Question: Linear Element Loads

[MaximilianFranz]

Upon searching the repository for a while, I haven't been able to locate a test or source code that hints at a way to define linear line loads along a beam element. I found these types: https://github.com/xcfem/xc/blob/master/src/domain/load/elem_load.cc

Is it possible as of now to define a linear element line load?

If not, what is required to add it, as I believe opensees should be able to solve for that, right? Where should I look to start implementing it?

[lcpt]

Do you mean uniform loads over beam elements?

You can use beam2d_uniform_load and beam3d_uniform_load, you have some examples here

At present the loads are constant along the element (no trapezoidal loads yet).

[MaximilianFranz]

I mean trapezoidal loads. Any hint where to look in order to build it using the xc wrapper of opensees?

[lcpt]

Hi.

OK, now I understand.

There is no linear (or trapezoidal loads) in OpenSees or XC. To avoid this problem we normally use an element size that makes the error negligible.

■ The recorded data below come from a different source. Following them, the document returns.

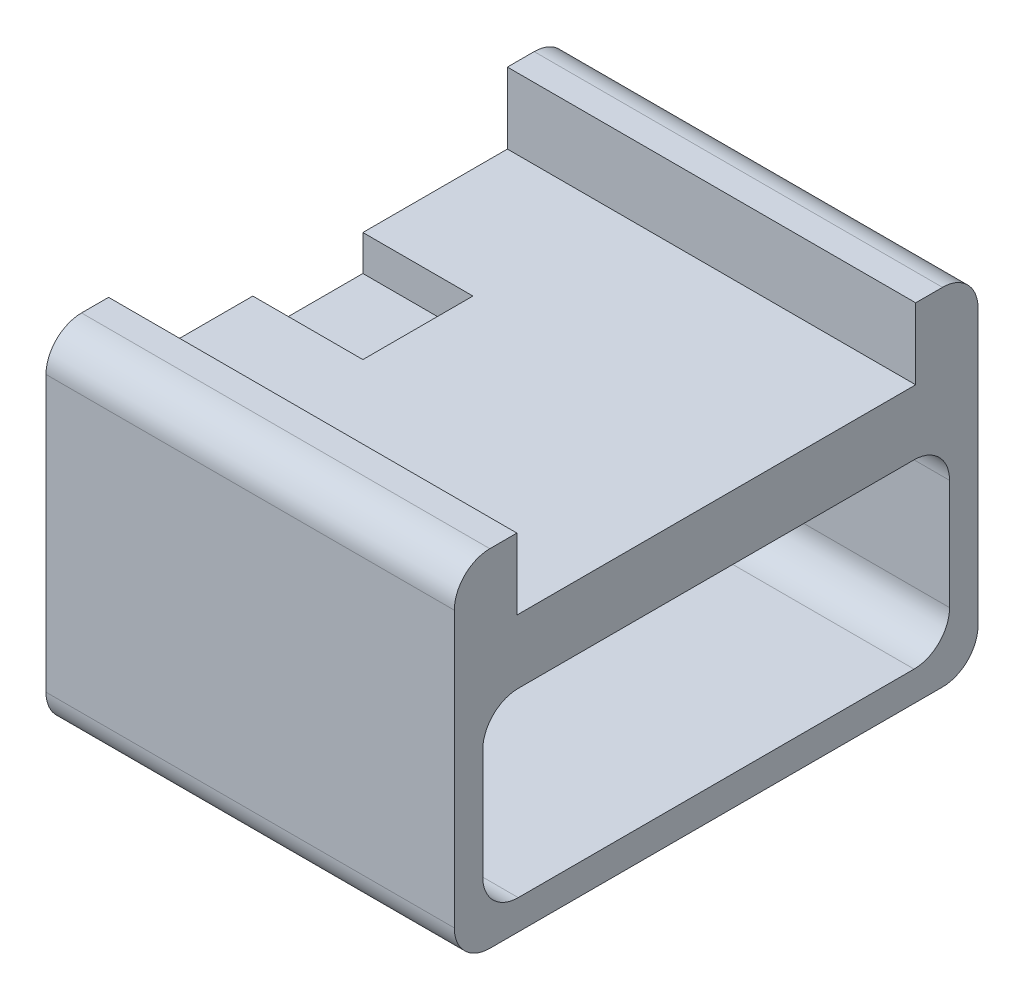
SolidWorks part; units mm, degrees
ref_plane "Front Plane" through (0, 0, 0) normal (0, 0, 1) x (1, 0, 0)
ref_plane "Top Plane" through (0, 0, 0) normal (0, 1, 0) x (1, 0, 0)
ref_plane "Right Plane" through (0, 0, 0) normal (1, 0, 0) x (0, 0, -1)
sketch "Sketch3" plane through (0, 0, 0) normal (1, 0, 0) x (0, 0, -1)
  line L0 (-12.75, -9.75) -> (12.75, -9.75)
  line L1 (-14.75, -7.75) -> (-14.75, 7.75)
  line L2 (-12.75, 9.75) -> (12.75, 9.75)
  line L3 (14.75, -7.75) -> (14.75, 7.75)
  line L4 (0, 9.75) -> (0, -9.75) construction
  line L5 (14.75, 0) -> (-14.75, 0) construction
  arc A0 (14.75, -7.75) -> (12.75, -9.75) centre (12.75, -7.75) cw
  arc A1 (-14.75, -7.75) -> (-12.75, -9.75) centre (-12.75, -7.75) ccw
  arc A2 (-12.75, 9.75) -> (-14.75, 7.75) centre (-12.75, 7.75) ccw
  arc A3 (12.75, 9.75) -> (14.75, 7.75) centre (12.75, 7.75) cw
  point P16 (0, 0)
  dimension "D3" = 2
  dimension "D1" = 19.5
  dimension "D2" = 25.5
extrude "Boss-Extrude1" add sketch "Sketch3" along normal blind 23
sketch "Sketch5" plane through (0, 9.75, 0) normal (0, 1, 0) x (1, 0, 0)
  line L0 (0, 12.75) -> (0, -12.75) construction
  line L1 (6.2, 3.1) -> (0, 3.1)
  line L2 (6.2, 3.1) -> (6.2, -3.1)
  line L3 (6.2, -3.1) -> (0, -3.1)
  line L4 (0, 3.1) -> (0, -3.1)
  line L5 (6.2, 0) -> (0, 0) construction
  dimension "D1" = 6.2
  dimension "D2" = 6.2
extrude "Cut-Extrude1" cut sketch "Sketch5" against normal blind 6
sketch "Sketch7" plane through (0, 0, 0) normal (-1, 0, 0) x (0, 0, 1)
  line L0 (0, 2.1353) -> (0, -8.0729) construction
  line L1 (-11.1476, -8.0729) -> (11.1476, -8.0729)
  line L2 (-13.1476, -6.0729) -> (-13.1476, 0.1353)
  line L3 (-11.1476, 2.1353) -> (11.1476, 2.1353)
  line L4 (13.1476, -6.0729) -> (13.1476, 0.1353)
  line L5 (12.75, -9.75) -> (-12.75, -9.75) construction
  arc A0 (11.1476, -8.0729) -> (13.1476, -6.0729) centre (11.1476, -6.0729) ccw
  arc A1 (11.1476, 2.1353) -> (13.1476, 0.1353) centre (11.1476, 0.1353) cw
  arc A2 (-13.1476, 0.1353) -> (-11.1476, 2.1353) centre (-11.1476, 0.1353) cw
  arc A3 (-13.1476, -6.0729) -> (-11.1476, -8.0729) centre (-11.1476, -6.0729) ccw
  point P6 (0, -2.9688)
  point P7 (0, -9.75)
  dimension "D1" = 2
extrude "Cut-Extrude2" cut sketch "Sketch7" against normal through all both and the other way through all
sketch "Sketch9" plane through (0, 9.75, 0) normal (0, 1, 0) x (1, 0, 0)
  line L0 (0, 12.75) -> (0, 3.1) construction
  line L1 (0, 11.24) -> (24.2849, 11.24)
  line L2 (0, 11.24) -> (0, -11.2248)
  line L3 (0, -11.2248) -> (24.2849, -11.2248)
  line L4 (24.2849, 11.24) -> (24.2849, -11.2248)
  line L5 (24.2849, 0.0076) -> (0, 0.0076) construction
  line L6 (6.2, -3.1) -> (6.2, 3.1) construction
  point P8 (6.2, 0)
  point P12 (6.2, -0.2283)
extrude "Cut-Extrude3" cut sketch "Sketch9" against normal blind 4

Anyway, if you want to implement such a load in XC I'll be happy to help (sorry, I'm too busy to do it myself). I think the path to do this is as follows:

1. Create a preliminary version of the new class for the load, probably as a child of Beam2dUniformLoad and/or Beam3dUniformLoad. The methods which actually add the load to the element are addReactionsInBasicSystem and addFixedEndForcesInBasicSystem, you can see those methods in the existing classes to see how they work.
2. Object serialization: add the new LOAD_TAG_Beam2dLinearLoad values to the classTags.h file. Add the header files to the all_includes.h header.
3. Insert the new files in CMakeLists.txt files.
4. Python interface: expose the new class to Python; see the python interface for loads on beams.
5. Add the corresponding command (for example beam2d_linear_load or beam3d_linear_load) to the function process_element_load.
6. Compile the code.
7. Write a verification test as simple as possible to check that things are working as expected.

I think that's all. Feel free to ask, this way we can also enhance the documentation of the code :)

[lcpt]

Hi, @MaximilianFranz.

I was reading this post and I have remembered this issue. Even if the post is not directly related to linear varying loads over the elements it discusses integration algorithms for beam elements, and maybe you can use this to compute equivalent nodal loads.

[MaximilianFranz]

Hey @lcpt, thanks for remembering! Though, we've chosen a simpler tool for our purposes (anastruct), which is 2D, but enough for us. We're adding the trapezoidal line loads based on the direct stiffness method there, but are not going through with the changes proposed above.

Thanks anyways :)

[lcpt]

You're welcome! I understand, there is no need to overcomplicate things. I'll close this issue then.

[ebrahimraeyat]

Hi @lcpt. Can I write the code in python? Or can I write a routine for this that takes the inputs from the user and split the element and then assign the constant load in each piece? I need it for snow load in my industrial model:

my model in ETABS:

Thanks.

[lcpt]

Hi @ebrahimraeyat

No, if we want to add this type of load we need to modify the existing C++ code.

Nevertheless, I think the best approach is to use a finer discretization and take the average load on each element. There are a bunch of reasons to use multiple elements along each member (buckling analysis,...).

[ebrahimraeyat]

Yes, But I want to know if I want to create an automatically routine for it, for example a function like this:

def assign_linear_load(
    [min_load, max_load]: minimum and maximum load value,
    [min_rel_loc, max_rel_loc]: relative location on beam, 0, 1 for complete load
    element,
     ...
     ) -> list:
    CODE
    return elements

what would be the needed function's arguments? thanks

[lcpt]

Hi.

If the elements are generated by a line (xc.Line object) you can iterate through its elements as follows:

for e in l.elements:
    print(e.tag) # or whatever...

You can obtain the position of the element centroid using the getPosCentroid() method. After that you can use the getLambda() method of the line to compute the parameter of the element centroid in the line (the distance from the line origin to the element centroid) and then divide that by the line length to compute the relative location of the element centroid on the line.

[ebrahimraeyat]

Thanks @lcpt . I think this way I don't need to define additional lines. After creating elements of the line, I can assign appropriate load on it. I will try that.

[lcpt]

Apparently, you can define trapezoidal beam loads in OpenSees, so we can port this feature into XC quite easily.